» **Data shown**:
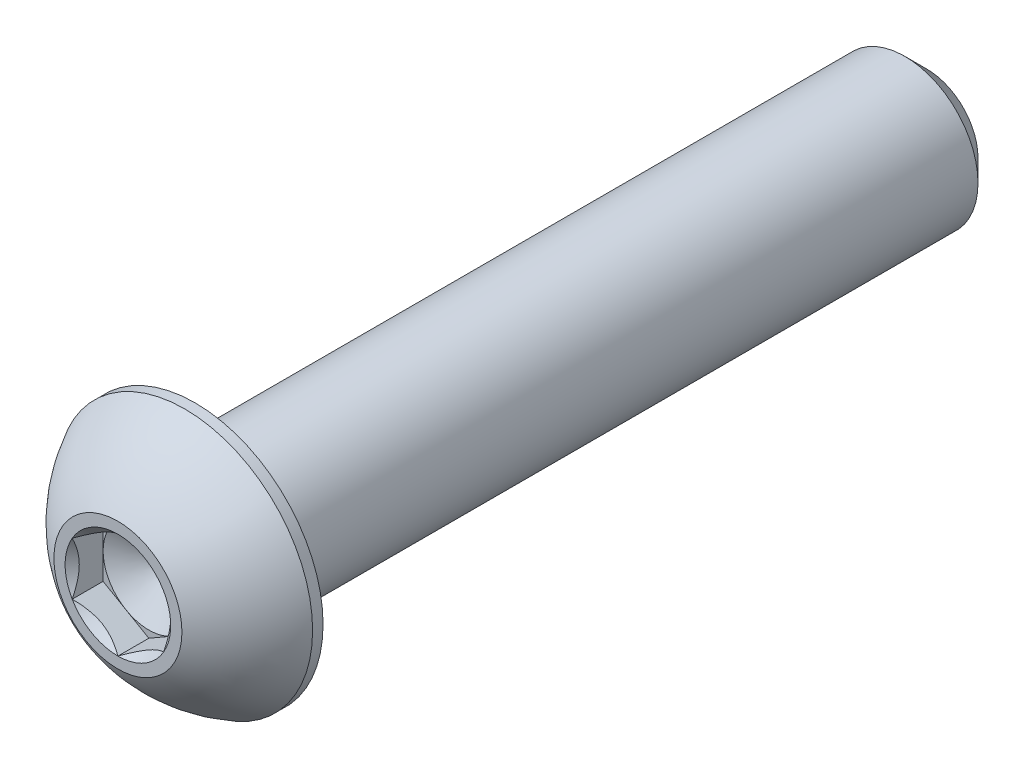
ISO-10303-21;
HEADER;
FILE_DESCRIPTION(('STEP AP214'),'2;1');
FILE_NAME('part.step','',(''),(''),'','','');
FILE_SCHEMA(('AUTOMOTIVE_DESIGN { 1 0 10303 214 1 1 1 1 }'));
ENDSEC;
DATA;
#1=APPLICATION_CONTEXT('core data for automotive mechanical design processes');
#2=APPLICATION_PROTOCOL_DEFINITION('international standard','automotive_design',2000,#1);
#3=PRODUCT_CONTEXT('',#1,'mechanical');
#4=PRODUCT('Part','Part','',(#3));
#5=PRODUCT_RELATED_PRODUCT_CATEGORY('part','',(#4));
#6=PRODUCT_DEFINITION_FORMATION('','',#4);
#7=PRODUCT_DEFINITION_CONTEXT('part definition',#1,'design');
#8=PRODUCT_DEFINITION('design','',#6,#7);
#9=PRODUCT_DEFINITION_SHAPE('','',#8);
#10=(LENGTH_UNIT() NAMED_UNIT(*) SI_UNIT(.MILLI.,.METRE.));
#11=(NAMED_UNIT(*) PLANE_ANGLE_UNIT() SI_UNIT($,.RADIAN.));
#12=(NAMED_UNIT(*) SI_UNIT($,.STERADIAN.) SOLID_ANGLE_UNIT());
#13=UNCERTAINTY_MEASURE_WITH_UNIT(LENGTH_MEASURE(1.E-05),#10,'distance_accuracy_value','');
#14=(GEOMETRIC_REPRESENTATION_CONTEXT(3) GLOBAL_UNCERTAINTY_ASSIGNED_CONTEXT((#13)) GLOBAL_UNIT_ASSIGNED_CONTEXT((#10,
#11,#12)) REPRESENTATION_CONTEXT('',''));
#15=CARTESIAN_POINT('',(0.,0.,0.));
#16=DIRECTION('',(0.,0.,1.));
#17=DIRECTION('',(1.,0.,0.));
#18=AXIS2_PLACEMENT_3D('',#15,#16,#17);
#19=CARTESIAN_POINT('',(0.,1.984375,17.5514));
#20=DIRECTION('',(0.,0.,-1.));
#21=DIRECTION('',(-1.,0.,0.));
#22=AXIS2_PLACEMENT_3D('',#19,#20,#21);
#23=PLANE('',#22);
#24=CARTESIAN_POINT('',(0.,0.,17.5514));
#25=DIRECTION('',(0.,0.,1.));
#26=DIRECTION('',(1.,0.,0.));
#27=AXIS2_PLACEMENT_3D('',#24,#25,#26);
#28=CIRCLE('',#27,2.778125);
#29=CARTESIAN_POINT('',(2.778125,0.,17.5514));
#30=VERTEX_POINT('',#29);
#31=EDGE_CURVE('E171',#30,#30,#28,.T.);
#32=ORIENTED_EDGE('',*,*,#31,.T.);
#33=EDGE_LOOP('',(#32));
#34=FACE_BOUND('',#33,.T.);
#35=CARTESIAN_POINT('',(0.,0.,17.5514));
#36=DIRECTION('',(0.,0.,1.));
#37=DIRECTION('',(1.,0.,0.));
#38=AXIS2_PLACEMENT_3D('',#35,#36,#37);
#39=CIRCLE('',#38,2.29135888084633);
#40=CARTESIAN_POINT('',(0.,2.29135888084633,17.5514));
#41=VERTEX_POINT('',#40);
#42=CARTESIAN_POINT('',(-1.984375,1.14567944042316,17.5514));
#43=VERTEX_POINT('',#42);
#44=EDGE_CURVE('E125',#41,#43,#39,.T.);
#45=ORIENTED_EDGE('',*,*,#44,.F.);
#46=CARTESIAN_POINT('',(0.,0.,17.5514));
#47=DIRECTION('',(0.,0.,1.));
#48=DIRECTION('',(1.,0.,0.));
#49=AXIS2_PLACEMENT_3D('',#46,#47,#48);
#50=CIRCLE('',#49,2.29135888084633);
#51=CARTESIAN_POINT('',(1.984375,1.14567944042317,17.5514));
#52=VERTEX_POINT('',#51);
#53=EDGE_CURVE('E110',#52,#41,#50,.T.);
#54=ORIENTED_EDGE('',*,*,#53,.F.);
#55=CARTESIAN_POINT('',(0.,0.,17.5514));
#56=DIRECTION('',(0.,0.,1.));
#57=DIRECTION('',(1.,0.,0.));
#58=AXIS2_PLACEMENT_3D('',#55,#56,#57);
#59=CIRCLE('',#58,2.29135888084633);
#60=CARTESIAN_POINT('',(1.984375,-1.14567944042317,17.5514));
#61=VERTEX_POINT('',#60);
#62=EDGE_CURVE('E121',#61,#52,#59,.T.);
#63=ORIENTED_EDGE('',*,*,#62,.F.);
#64=CARTESIAN_POINT('',(0.,0.,17.5514));
#65=DIRECTION('',(0.,0.,1.));
#66=DIRECTION('',(1.,0.,0.));
#67=AXIS2_PLACEMENT_3D('',#64,#65,#66);
#68=CIRCLE('',#67,2.29135888084633);
#69=CARTESIAN_POINT('',(0.,-2.29135888084633,17.5514));
#70=VERTEX_POINT('',#69);
#71=EDGE_CURVE('E142',#70,#61,#68,.T.);
#72=ORIENTED_EDGE('',*,*,#71,.F.);
#73=CARTESIAN_POINT('',(0.,0.,17.5514));
#74=DIRECTION('',(0.,0.,1.));
#75=DIRECTION('',(1.,0.,0.));
#76=AXIS2_PLACEMENT_3D('',#73,#74,#75);
#77=CIRCLE('',#76,2.29135888084633);
#78=CARTESIAN_POINT('',(-1.984375,-1.14567944042316,17.5514));
#79=VERTEX_POINT('',#78);
#80=EDGE_CURVE('E398',#79,#70,#77,.T.);
#81=ORIENTED_EDGE('',*,*,#80,.F.);
#82=CARTESIAN_POINT('',(0.,0.,17.5514));
#83=DIRECTION('',(0.,0.,1.));
#84=DIRECTION('',(1.,0.,0.));
#85=AXIS2_PLACEMENT_3D('',#82,#83,#84);
#86=CIRCLE('',#85,2.29135888084633);
#87=EDGE_CURVE('E407',#43,#79,#86,.T.);
#88=ORIENTED_EDGE('',*,*,#87,.F.);
#89=EDGE_LOOP('',(#45,#54,#63,#72,#81,#88));
#90=FACE_BOUND('',#89,.T.);
#91=ADVANCED_FACE('F37',(#34,#90),#23,.F.);
#92=CARTESIAN_POINT('',(0.,0.,-17.5514));
#93=DIRECTION('',(0.,0.,1.));
#94=DIRECTION('',(1.,0.,0.));
#95=AXIS2_PLACEMENT_3D('',#92,#93,#94);
#96=CONICAL_SURFACE('',#95,2.2225,0.785398163397446);
#97=CARTESIAN_POINT('',(0.,0.,-16.5989));
#98=DIRECTION('',(0.,0.,1.));
#99=DIRECTION('',(1.,0.,0.));
#100=AXIS2_PLACEMENT_3D('',#97,#98,#99);
#101=CIRCLE('',#100,3.175);
#102=CARTESIAN_POINT('',(3.175,0.,-16.5989));
#103=VERTEX_POINT('',#102);
#104=EDGE_CURVE('E11',#103,#103,#101,.T.);
#105=ORIENTED_EDGE('',*,*,#104,.F.);
#106=EDGE_LOOP('',(#105));
#107=FACE_BOUND('',#106,.T.);
#108=CARTESIAN_POINT('',(0.,0.,-17.5514));
#109=DIRECTION('',(0.,0.,1.));
#110=DIRECTION('',(1.,0.,0.));
#111=AXIS2_PLACEMENT_3D('',#108,#109,#110);
#112=CIRCLE('',#111,2.2225);
#113=CARTESIAN_POINT('',(2.2225,0.,-17.5514));
#114=VERTEX_POINT('',#113);
#115=EDGE_CURVE('E164',#114,#114,#112,.T.);
#116=ORIENTED_EDGE('',*,*,#115,.T.);
#117=EDGE_LOOP('',(#116));
#118=FACE_BOUND('',#117,.T.);
#119=ADVANCED_FACE('F39',(#107,#118),#96,.T.);
#120=CARTESIAN_POINT('',(0.,0.,17.5514));
#121=DIRECTION('',(0.,0.,1.));
#122=DIRECTION('',(1.,0.,0.));
#123=AXIS2_PLACEMENT_3D('',#120,#121,#122);
#124=CYLINDRICAL_SURFACE('',#123,3.175);
#125=CARTESIAN_POINT('',(0.,0.,14.1986));
#126=DIRECTION('',(0.,0.,1.));
#127=DIRECTION('',(1.,0.,0.));
#128=AXIS2_PLACEMENT_3D('',#125,#126,#127);
#129=CIRCLE('',#128,3.175);
#130=CARTESIAN_POINT('',(3.175,0.,14.1986));
#131=VERTEX_POINT('',#130);
#132=EDGE_CURVE('E45',#131,#131,#129,.T.);
#133=ORIENTED_EDGE('',*,*,#132,.F.);
#134=EDGE_LOOP('',(#133));
#135=FACE_BOUND('',#134,.T.);
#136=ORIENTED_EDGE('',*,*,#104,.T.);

» **Required work**: Above are the lines; repeat exactly the ones from the line containing "#84=DIRECTION('',(1.,0.,0.));" down to the line containing "#118=FACE_BOUND('',#117,.T.);", both inclusive.

» **Expected answer**:
#84=DIRECTION('',(1.,0.,0.));
#85=AXIS2_PLACEMENT_3D('',#82,#83,#84);
#86=CIRCLE('',#85,2.29135888084633);
#87=EDGE_CURVE('E407',#43,#79,#86,.T.);
#88=ORIENTED_EDGE('',*,*,#87,.F.);
#89=EDGE_LOOP('',(#45,#54,#63,#72,#81,#88));
#90=FACE_BOUND('',#89,.T.);
#91=ADVANCED_FACE('F37',(#34,#90),#23,.F.);
#92=CARTESIAN_POINT('',(0.,0.,-17.5514));
#93=DIRECTION('',(0.,0.,1.));
#94=DIRECTION('',(1.,0.,0.));
#95=AXIS2_PLACEMENT_3D('',#92,#93,#94);
#96=CONICAL_SURFACE('',#95,2.2225,0.785398163397446);
#97=CARTESIAN_POINT('',(0.,0.,-16.5989));
#98=DIRECTION('',(0.,0.,1.));
#99=DIRECTION('',(1.,0.,0.));
#100=AXIS2_PLACEMENT_3D('',#97,#98,#99);
#101=CIRCLE('',#100,3.175);
#102=CARTESIAN_POINT('',(3.175,0.,-16.5989));
#103=VERTEX_POINT('',#102);
#104=EDGE_CURVE('E11',#103,#103,#101,.T.);
#105=ORIENTED_EDGE('',*,*,#104,.F.);
#106=EDGE_LOOP('',(#105));
#107=FACE_BOUND('',#106,.T.);
#108=CARTESIAN_POINT('',(0.,0.,-17.5514));
#109=DIRECTION('',(0.,0.,1.));
#110=DIRECTION('',(1.,0.,0.));
#111=AXIS2_PLACEMENT_3D('',#108,#109,#110);
#112=CIRCLE('',#111,2.2225);
#113=CARTESIAN_POINT('',(2.2225,0.,-17.5514));
#114=VERTEX_POINT('',#113);
#115=EDGE_CURVE('E164',#114,#114,#112,.T.);
#116=ORIENTED_EDGE('',*,*,#115,.T.);
#117=EDGE_LOOP('',(#116));
#118=FACE_BOUND('',#117,.T.);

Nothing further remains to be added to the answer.